*** Data provided Section Begins ***
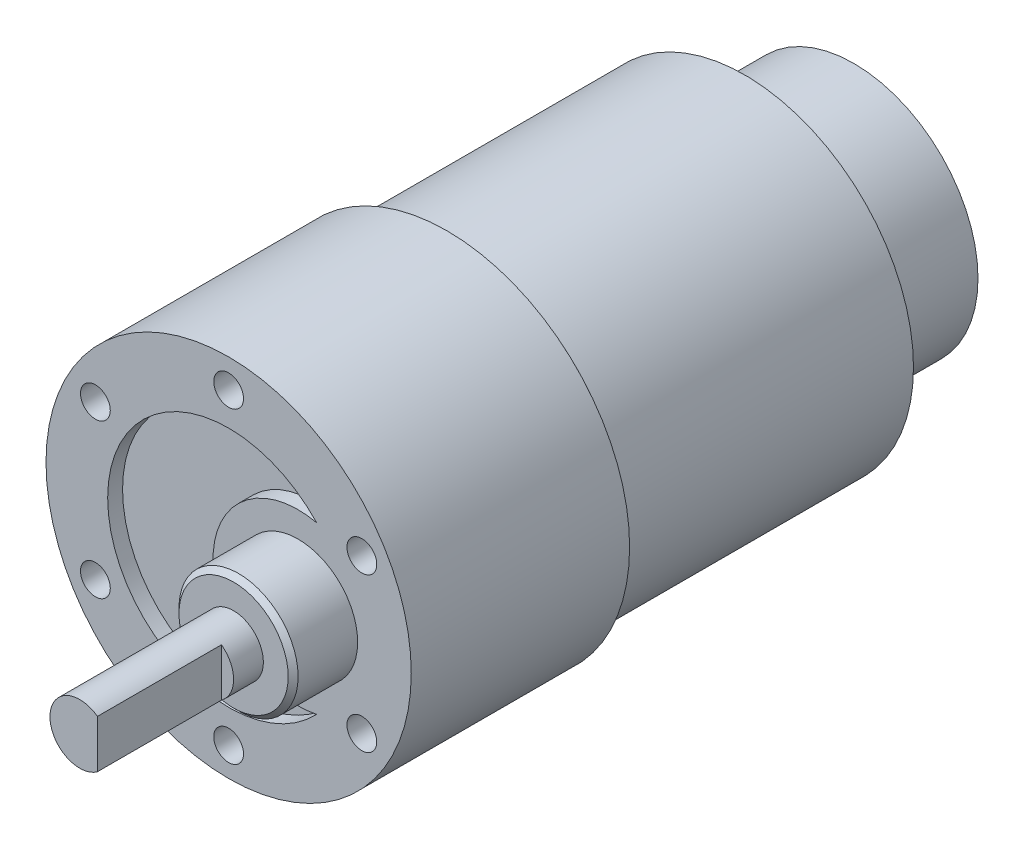
ISO-10303-21;
HEADER;
FILE_DESCRIPTION(('STEP AP214'),'2;1');
FILE_NAME('part.step','',(''),(''),'','','');
FILE_SCHEMA(('AUTOMOTIVE_DESIGN { 1 0 10303 214 1 1 1 1 }'));
ENDSEC;
DATA;
#1=APPLICATION_CONTEXT('core data for automotive mechanical design processes');
#2=APPLICATION_PROTOCOL_DEFINITION('international standard','automotive_design',2000,#1);
#3=PRODUCT_CONTEXT('',#1,'mechanical');
#4=PRODUCT('Part','Part','',(#3));
#5=PRODUCT_RELATED_PRODUCT_CATEGORY('part','',(#4));
#6=PRODUCT_DEFINITION_FORMATION('','',#4);
#7=PRODUCT_DEFINITION_CONTEXT('part definition',#1,'design');
#8=PRODUCT_DEFINITION('design','',#6,#7);
#9=PRODUCT_DEFINITION_SHAPE('','',#8);
#10=(LENGTH_UNIT() NAMED_UNIT(*) SI_UNIT(.MILLI.,.METRE.));
#11=(NAMED_UNIT(*) PLANE_ANGLE_UNIT() SI_UNIT($,.RADIAN.));
#12=(NAMED_UNIT(*) SI_UNIT($,.STERADIAN.) SOLID_ANGLE_UNIT());
#13=UNCERTAINTY_MEASURE_WITH_UNIT(LENGTH_MEASURE(1.E-05),#10,'distance_accuracy_value','');
#14=(GEOMETRIC_REPRESENTATION_CONTEXT(3) GLOBAL_UNCERTAINTY_ASSIGNED_CONTEXT((#13)) GLOBAL_UNIT_ASSIGNED_CONTEXT((#10,
#11,#12)) REPRESENTATION_CONTEXT('',''));
#15=CARTESIAN_POINT('',(0.,0.,0.));
#16=DIRECTION('',(0.,0.,1.));
#17=DIRECTION('',(1.,0.,0.));
#18=AXIS2_PLACEMENT_3D('',#15,#16,#17);
#19=CARTESIAN_POINT('',(0.,0.,0.));
#20=DIRECTION('',(0.,0.,1.));
#21=DIRECTION('',(1.,0.,0.));
#22=AXIS2_PLACEMENT_3D('',#19,#20,#21);
#23=PLANE('',#22);
#24=CARTESIAN_POINT('',(0.,0.,0.));
#25=DIRECTION('',(0.,0.,1.));
#26=DIRECTION('',(1.,0.,0.));
#27=AXIS2_PLACEMENT_3D('',#24,#25,#26);
#28=CIRCLE('',#27,17.);
#29=CARTESIAN_POINT('',(17.,0.,0.));
#30=VERTEX_POINT('',#29);
#31=EDGE_CURVE('E170',#30,#30,#28,.T.);
#32=ORIENTED_EDGE('',*,*,#31,.F.);
#33=EDGE_LOOP('',(#32));
#34=FACE_BOUND('',#33,.T.);
#35=CARTESIAN_POINT('',(0.,0.,0.));
#36=DIRECTION('',(0.,0.,1.));
#37=DIRECTION('',(1.,0.,0.));
#38=AXIS2_PLACEMENT_3D('',#35,#36,#37);
#39=CIRCLE('',#38,12.5);
#40=CARTESIAN_POINT('',(12.5,0.,0.));
#41=VERTEX_POINT('',#40);
#42=EDGE_CURVE('E13',#41,#41,#39,.F.);
#43=ORIENTED_EDGE('',*,*,#42,.F.);
#44=EDGE_LOOP('',(#43));
#45=FACE_BOUND('',#44,.T.);
#46=ADVANCED_FACE('F43',(#34,#45),#23,.F.);
#47=CARTESIAN_POINT('',(0.,0.,52.));
#48=DIRECTION('',(0.,0.,1.));
#49=DIRECTION('',(1.,0.,0.));
#50=AXIS2_PLACEMENT_3D('',#47,#48,#49);
#51=PLANE('',#50);
#52=CARTESIAN_POINT('',(7.,0.,52.));
#53=DIRECTION('',(0.,0.,1.));
#54=DIRECTION('',(1.,0.,0.));
#55=AXIS2_PLACEMENT_3D('',#52,#53,#54);
#56=CIRCLE('',#55,6.);
#57=CARTESIAN_POINT('',(13.,0.,52.));
#58=VERTEX_POINT('',#57);
#59=EDGE_CURVE('E103',#58,#58,#56,.T.);
#60=ORIENTED_EDGE('',*,*,#59,.F.);
#61=EDGE_LOOP('',(#60));
#62=FACE_BOUND('',#61,.T.);
#63=CARTESIAN_POINT('',(-13.4233937586587,7.75000000000016,52.));
#64=DIRECTION('',(0.,0.,1.));
#65=DIRECTION('',(1.,0.,0.));
#66=AXIS2_PLACEMENT_3D('',#63,#64,#65);
#67=CIRCLE('',#66,1.5);
#68=CARTESIAN_POINT('',(-11.9233937586587,7.75000000000016,52.));
#69=VERTEX_POINT('',#68);
#70=EDGE_CURVE('E109',#69,#69,#67,.T.);
#71=ORIENTED_EDGE('',*,*,#70,.F.);
#72=EDGE_LOOP('',(#71));
#73=FACE_BOUND('',#72,.T.);
#74=CARTESIAN_POINT('',(-13.4233937586589,-7.74999999999987,52.));
#75=DIRECTION('',(0.,0.,1.));
#76=DIRECTION('',(1.,0.,0.));
#77=AXIS2_PLACEMENT_3D('',#74,#75,#76);
#78=CIRCLE('',#77,1.5);
#79=CARTESIAN_POINT('',(-11.9233937586589,-7.74999999999987,52.));
#80=VERTEX_POINT('',#79);
#81=EDGE_CURVE('E122',#80,#80,#78,.T.);
#82=ORIENTED_EDGE('',*,*,#81,.F.);
#83=EDGE_LOOP('',(#82));
#84=FACE_BOUND('',#83,.T.);
#85=CARTESIAN_POINT('',(-1.08235921504137E-13,-15.5,52.));
#86=DIRECTION('',(0.,0.,1.));
#87=DIRECTION('',(1.,0.,0.));
#88=AXIS2_PLACEMENT_3D('',#85,#86,#87);
#89=CIRCLE('',#88,1.5);
#90=CARTESIAN_POINT('',(1.49999999999989,-15.5,52.));
#91=VERTEX_POINT('',#90);
#92=EDGE_CURVE('E130',#91,#91,#89,.T.);
#93=ORIENTED_EDGE('',*,*,#92,.F.);
#94=EDGE_LOOP('',(#93));
#95=FACE_BOUND('',#94,.T.);
#96=CARTESIAN_POINT('',(13.4233937586588,-7.75000000000006,52.));
#97=DIRECTION('',(0.,0.,1.));
#98=DIRECTION('',(1.,0.,0.));
#99=AXIS2_PLACEMENT_3D('',#96,#97,#98);
#100=CIRCLE('',#99,1.5);
#101=CARTESIAN_POINT('',(14.9233937586588,-7.75000000000006,52.));
#102=VERTEX_POINT('',#101);
#103=EDGE_CURVE('E138',#102,#102,#100,.T.);
#104=ORIENTED_EDGE('',*,*,#103,.F.);
#105=EDGE_LOOP('',(#104));
#106=FACE_BOUND('',#105,.T.);
#107=CARTESIAN_POINT('',(13.4233937586588,7.74999999999997,52.));
#108=DIRECTION('',(0.,0.,1.));
#109=DIRECTION('',(1.,0.,0.));
#110=AXIS2_PLACEMENT_3D('',#107,#108,#109);
#111=CIRCLE('',#110,1.5);
#112=CARTESIAN_POINT('',(14.9233937586588,7.74999999999997,52.));
#113=VERTEX_POINT('',#112);
#114=EDGE_CURVE('E146',#113,#113,#111,.T.);
#115=ORIENTED_EDGE('',*,*,#114,.F.);
#116=EDGE_LOOP('',(#115));
#117=FACE_BOUND('',#116,.T.);
#118=CARTESIAN_POINT('',(0.,15.5,52.));
#119=DIRECTION('',(0.,0.,1.));
#120=DIRECTION('',(1.,0.,0.));
#121=AXIS2_PLACEMENT_3D('',#118,#119,#120);
#122=CIRCLE('',#121,1.5);
#123=CARTESIAN_POINT('',(1.5,15.5,52.));
#124=VERTEX_POINT('',#123);
#125=EDGE_CURVE('E154',#124,#124,#122,.T.);
#126=ORIENTED_EDGE('',*,*,#125,.F.);
#127=EDGE_LOOP('',(#126));
#128=FACE_BOUND('',#127,.T.);
#129=CARTESIAN_POINT('',(0.,0.,52.));
#130=DIRECTION('',(0.,0.,1.));
#131=DIRECTION('',(1.,0.,0.));
#132=AXIS2_PLACEMENT_3D('',#129,#130,#131);
#133=CIRCLE('',#132,18.4);
#134=CARTESIAN_POINT('',(18.4,0.,52.));
#135=VERTEX_POINT('',#134);
#136=EDGE_CURVE('E166',#135,#135,#133,.T.);
#137=ORIENTED_EDGE('',*,*,#136,.T.);
#138=EDGE_LOOP('',(#137));
#139=FACE_BOUND('',#138,.T.);
#140=CARTESIAN_POINT('',(0.,0.,52.));
#141=DIRECTION('',(0.,0.,1.));
#142=DIRECTION('',(1.,0.,0.));
#143=AXIS2_PLACEMENT_3D('',#140,#141,#142);
#144=CIRCLE('',#143,12.1872331613627);
#145=CARTESIAN_POINT('',(8.86813473528428,8.35971521322723,52.));
#146=VERTEX_POINT('',#145);
#147=CARTESIAN_POINT('',(8.86813473528428,-8.35971521322723,52.));
#148=VERTEX_POINT('',#147);
#149=EDGE_CURVE('E417',#146,#148,#144,.T.);
#150=ORIENTED_EDGE('',*,*,#149,.F.);
#151=CARTESIAN_POINT('',(7.,0.,52.));
#152=DIRECTION('',(0.,0.,1.));
#153=DIRECTION('',(1.,0.,0.));
#154=AXIS2_PLACEMENT_3D('',#151,#152,#153);
#155=CIRCLE('',#154,8.56590718111272);
#156=EDGE_CURVE('E67',#146,#148,#155,.T.);
#157=ORIENTED_EDGE('',*,*,#156,.T.);
#158=EDGE_LOOP('',(#150,#157));
#159=FACE_BOUND('',#158,.T.);
#160=ADVANCED_FACE('F203',(#62,#73,#84,#95,#106,#117,#128,#139,#159),#51,.T.);
#161=CARTESIAN_POINT('',(7.,0.,58.5));
#162=DIRECTION('',(0.,0.,1.));
#163=DIRECTION('',(1.,0.,0.));
#164=AXIS2_PLACEMENT_3D('',#161,#162,#163);
#165=PLANE('',#164);
#166=CARTESIAN_POINT('',(7.,0.,58.5));
#167=DIRECTION('',(0.,0.,1.));
#168=DIRECTION('',(1.,0.,0.));
#169=AXIS2_PLACEMENT_3D('',#166,#167,#168);
#170=CIRCLE('',#169,5.50000000000002);
#171=CARTESIAN_POINT('',(12.5,0.,58.5));
#172=VERTEX_POINT('',#171);
#173=EDGE_CURVE('E185',#172,#172,#170,.T.);
#174=ORIENTED_EDGE('',*,*,#173,.T.);
#175=EDGE_LOOP('',(#174));
#176=FACE_BOUND('',#175,.T.);
#177=CARTESIAN_POINT('',(7.,0.,58.5));
#178=DIRECTION('',(0.,0.,1.));
#179=DIRECTION('',(1.,0.,0.));
#180=AXIS2_PLACEMENT_3D('',#177,#178,#179);
#181=CIRCLE('',#180,3.);
#182=CARTESIAN_POINT('',(10.,0.,58.5));
#183=VERTEX_POINT('',#182);
#184=EDGE_CURVE('E104',#183,#183,#181,.T.);
#185=ORIENTED_EDGE('',*,*,#184,.F.);
#186=EDGE_LOOP('',(#185));
#187=FACE_BOUND('',#186,.T.);
#188=ADVANCED_FACE('F199',(#176,#187),#165,.T.);
#189=CARTESIAN_POINT('',(0.,0.,30.));
#190=DIRECTION('',(0.,0.,-1.));
#191=DIRECTION('',(-1.,0.,0.));
#192=AXIS2_PLACEMENT_3D('',#189,#190,#191);
#193=CYLINDRICAL_SURFACE('',#192,17.);
#194=CARTESIAN_POINT('',(0.,0.,29.));
#195=DIRECTION('',(0.,0.,1.));
#196=DIRECTION('',(1.,0.,0.));
#197=AXIS2_PLACEMENT_3D('',#194,#195,#196);
#198=CIRCLE('',#197,17.);
#199=CARTESIAN_POINT('',(17.,0.,29.));
#200=VERTEX_POINT('',#199);
#201=EDGE_CURVE('E181',#200,#200,#198,.F.);
#202=ORIENTED_EDGE('',*,*,#201,.T.);
#203=EDGE_LOOP('',(#202));
#204=FACE_BOUND('',#203,.T.);
#205=ORIENTED_EDGE('',*,*,#31,.T.);
#206=EDGE_LOOP('',(#205));
#207=FACE_BOUND('',#206,.T.);
#208=ADVANCED_FACE('F202',(#204,#207),#193,.T.);
#209=CARTESIAN_POINT('',(0.,0.,29.));
#210=DIRECTION('',(0.,0.,1.));
#211=DIRECTION('',(1.,0.,0.));
#212=AXIS2_PLACEMENT_3D('',#209,#210,#211);
#213=TOROIDAL_SURFACE('',#212,16.,1.);
#214=ORIENTED_EDGE('',*,*,#201,.F.);
#215=EDGE_LOOP('',(#214));
#216=FACE_BOUND('',#215,.T.);
#217=CARTESIAN_POINT('',(0.,0.,30.));
#218=DIRECTION('',(0.,0.,1.));
#219=DIRECTION('',(1.,0.,0.));
#220=AXIS2_PLACEMENT_3D('',#217,#218,#219);
#221=CIRCLE('',#220,16.);
#222=CARTESIAN_POINT('',(16.,0.,30.));
#223=VERTEX_POINT('',#222);
#224=EDGE_CURVE('E177',#223,#223,#221,.T.);
#225=ORIENTED_EDGE('',*,*,#224,.F.);
#226=EDGE_LOOP('',(#225));
#227=FACE_BOUND('',#226,.T.);
#228=ADVANCED_FACE('F228',(#216,#227),#213,.T.);
#229=CARTESIAN_POINT('',(0.,0.,52.));
#230=DIRECTION('',(0.,0.,-1.));
#231=DIRECTION('',(-1.,0.,0.));
#232=AXIS2_PLACEMENT_3D('',#229,#230,#231);
#233=CYLINDRICAL_SURFACE('',#232,18.4);
#234=ORIENTED_EDGE('',*,*,#136,.F.);
#235=EDGE_LOOP('',(#234));
#236=FACE_BOUND('',#235,.T.);
#237=CARTESIAN_POINT('',(0.,0.,30.));
#238=DIRECTION('',(0.,0.,1.));
#239=DIRECTION('',(1.,0.,0.));
#240=AXIS2_PLACEMENT_3D('',#237,#238,#239);
#241=CIRCLE('',#240,18.4);
#242=CARTESIAN_POINT('',(18.4,0.,30.));
#243=VERTEX_POINT('',#242);
#244=EDGE_CURVE('E162',#243,#243,#241,.T.);
#245=ORIENTED_EDGE('',*,*,#244,.T.);
#246=EDGE_LOOP('',(#245));
#247=FACE_BOUND('',#246,.T.);
#248=ADVANCED_FACE('F225',(#236,#247),#233,.T.);
#249=CARTESIAN_POINT('',(0.,0.,30.));
#250=DIRECTION('',(0.,0.,1.));
#251=DIRECTION('',(1.,0.,0.));
#252=AXIS2_PLACEMENT_3D('',#249,#250,#251);
#253=PLANE('',#252);
#254=ORIENTED_EDGE('',*,*,#224,.T.);
#255=EDGE_LOOP('',(#254));
#256=FACE_BOUND('',#255,.T.);
#257=ORIENTED_EDGE('',*,*,#244,.F.);
#258=EDGE_LOOP('',(#257));
#259=FACE_BOUND('',#258,.T.);
#260=ADVANCED_FACE('F235',(#256,#259),#253,.F.);
#261=CARTESIAN_POINT('',(0.,15.5,49.));
#262=DIRECTION('',(0.,0.,1.));
#263=DIRECTION('',(1.,0.,0.));
#264=AXIS2_PLACEMENT_3D('',#261,#262,#263);
#265=CYLINDRICAL_SURFACE('',#264,1.5);
#266=CARTESIAN_POINT('',(0.,15.5,49.));
#267=DIRECTION('',(0.,0.,1.));
#268=DIRECTION('',(1.,0.,0.));
#269=AXIS2_PLACEMENT_3D('',#266,#267,#268);
#270=CIRCLE('',#269,1.5);
#271=CARTESIAN_POINT('',(1.5,15.5,49.));
#272=VERTEX_POINT('',#271);
#273=EDGE_CURVE('E158',#272,#272,#270,.T.);
#274=ORIENTED_EDGE('',*,*,#273,.F.);
#275=EDGE_LOOP('',(#274));
#276=FACE_BOUND('',#275,.T.);
#277=ORIENTED_EDGE('',*,*,#125,.T.);
#278=EDGE_LOOP('',(#277));
#279=FACE_BOUND('',#278,.T.);
#280=ADVANCED_FACE('F243',(#276,#279),#265,.F.);
#281=CARTESIAN_POINT('',(0.,15.5,49.));
#282=DIRECTION('',(0.,0.,1.));
#283=DIRECTION('',(1.,0.,0.));
#284=AXIS2_PLACEMENT_3D('',#281,#282,#283);
#285=PLANE('',#284);
#286=ORIENTED_EDGE('',*,*,#273,.T.);
#287=EDGE_LOOP('',(#286));
#288=FACE_BOUND('',#287,.T.);
#289=ADVANCED_FACE('F249',(#288),#285,.T.);
#290=CARTESIAN_POINT('',(13.4233937586588,7.74999999999997,49.));
#291=DIRECTION('',(0.,0.,1.));
#292=DIRECTION('',(1.,0.,0.));
#293=AXIS2_PLACEMENT_3D('',#290,#291,#292);
#294=CYLINDRICAL_SURFACE('',#293,1.5);
#295=CARTESIAN_POINT('',(13.4233937586588,7.74999999999997,49.));
#296=DIRECTION('',(0.,0.,1.));
#297=DIRECTION('',(1.,0.,0.));
#298=AXIS2_PLACEMENT_3D('',#295,#296,#297);
#299=CIRCLE('',#298,1.5);
#300=CARTESIAN_POINT('',(14.9233937586588,7.74999999999997,49.));
#301=VERTEX_POINT('',#300);
#302=EDGE_CURVE('E150',#301,#301,#299,.T.);
#303=ORIENTED_EDGE('',*,*,#302,.F.);
#304=EDGE_LOOP('',(#303));
#305=FACE_BOUND('',#304,.T.);
#306=ORIENTED_EDGE('',*,*,#114,.T.);
#307=EDGE_LOOP('',(#306));
#308=FACE_BOUND('',#307,.T.);
#309=ADVANCED_FACE('F255',(#305,#308),#294,.F.);
#310=CARTESIAN_POINT('',(13.4233937586588,7.74999999999997,49.));
#311=DIRECTION('',(0.,0.,1.));
#312=DIRECTION('',(1.,0.,0.));
#313=AXIS2_PLACEMENT_3D('',#310,#311,#312);
#314=PLANE('',#313);
#315=ORIENTED_EDGE('',*,*,#302,.T.);
#316=EDGE_LOOP('',(#315));
#317=FACE_BOUND('',#316,.T.);
#318=ADVANCED_FACE('F259',(#317),#314,.T.);
#319=CARTESIAN_POINT('',(13.4233937586588,-7.75000000000006,49.));
#320=DIRECTION('',(0.,0.,1.));
#321=DIRECTION('',(1.,0.,0.));
#322=AXIS2_PLACEMENT_3D('',#319,#320,#321);
#323=CYLINDRICAL_SURFACE('',#322,1.5);
#324=CARTESIAN_POINT('',(13.4233937586588,-7.75000000000006,49.));
#325=DIRECTION('',(0.,0.,1.));
#326=DIRECTION('',(1.,0.,0.));
#327=AXIS2_PLACEMENT_3D('',#324,#325,#326);
#328=CIRCLE('',#327,1.5);
#329=CARTESIAN_POINT('',(14.9233937586588,-7.75000000000006,49.));
#330=VERTEX_POINT('',#329);
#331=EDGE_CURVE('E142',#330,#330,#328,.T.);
*** Data provided Section Ends ***
- Action item:
Retype the records above, but only those lines that fall between the line containing "#237=CARTESIAN_POINT('',(0.,0.,30.));" and the line containing "#271=CARTESIAN_POINT('',(1.5,15.5,49.));", with both of those lines included, exactly as written.

- Exercise solution:
#237=CARTESIAN_POINT('',(0.,0.,30.));
#238=DIRECTION('',(0.,0.,1.));
#239=DIRECTION('',(1.,0.,0.));
#240=AXIS2_PLACEMENT_3D('',#237,#238,#239);
#241=CIRCLE('',#240,18.4);
#242=CARTESIAN_POINT('',(18.4,0.,30.));
#243=VERTEX_POINT('',#242);
#244=EDGE_CURVE('E162',#243,#243,#241,.T.);
#245=ORIENTED_EDGE('',*,*,#244,.T.);
#246=EDGE_LOOP('',(#245));
#247=FACE_BOUND('',#246,.T.);
#248=ADVANCED_FACE('F225',(#236,#247),#233,.T.);
#249=CARTESIAN_POINT('',(0.,0.,30.));
#250=DIRECTION('',(0.,0.,1.));
#251=DIRECTION('',(1.,0.,0.));
#252=AXIS2_PLACEMENT_3D('',#249,#250,#251);
#253=PLANE('',#252);
#254=ORIENTED_EDGE('',*,*,#224,.T.);
#255=EDGE_LOOP('',(#254));
#256=FACE_BOUND('',#255,.T.);
#257=ORIENTED_EDGE('',*,*,#244,.F.);
#258=EDGE_LOOP('',(#257));
#259=FACE_BOUND('',#258,.T.);
#260=ADVANCED_FACE('F235',(#256,#259),#253,.F.);
#261=CARTESIAN_POINT('',(0.,15.5,49.));
#262=DIRECTION('',(0.,0.,1.));
#263=DIRECTION('',(1.,0.,0.));
#264=AXIS2_PLACEMENT_3D('',#261,#262,#263);
#265=CYLINDRICAL_SURFACE('',#264,1.5);
#266=CARTESIAN_POINT('',(0.,15.5,49.));
#267=DIRECTION('',(0.,0.,1.));
#268=DIRECTION('',(1.,0.,0.));
#269=AXIS2_PLACEMENT_3D('',#266,#267,#268);
#270=CIRCLE('',#269,1.5);
#271=CARTESIAN_POINT('',(1.5,15.5,49.));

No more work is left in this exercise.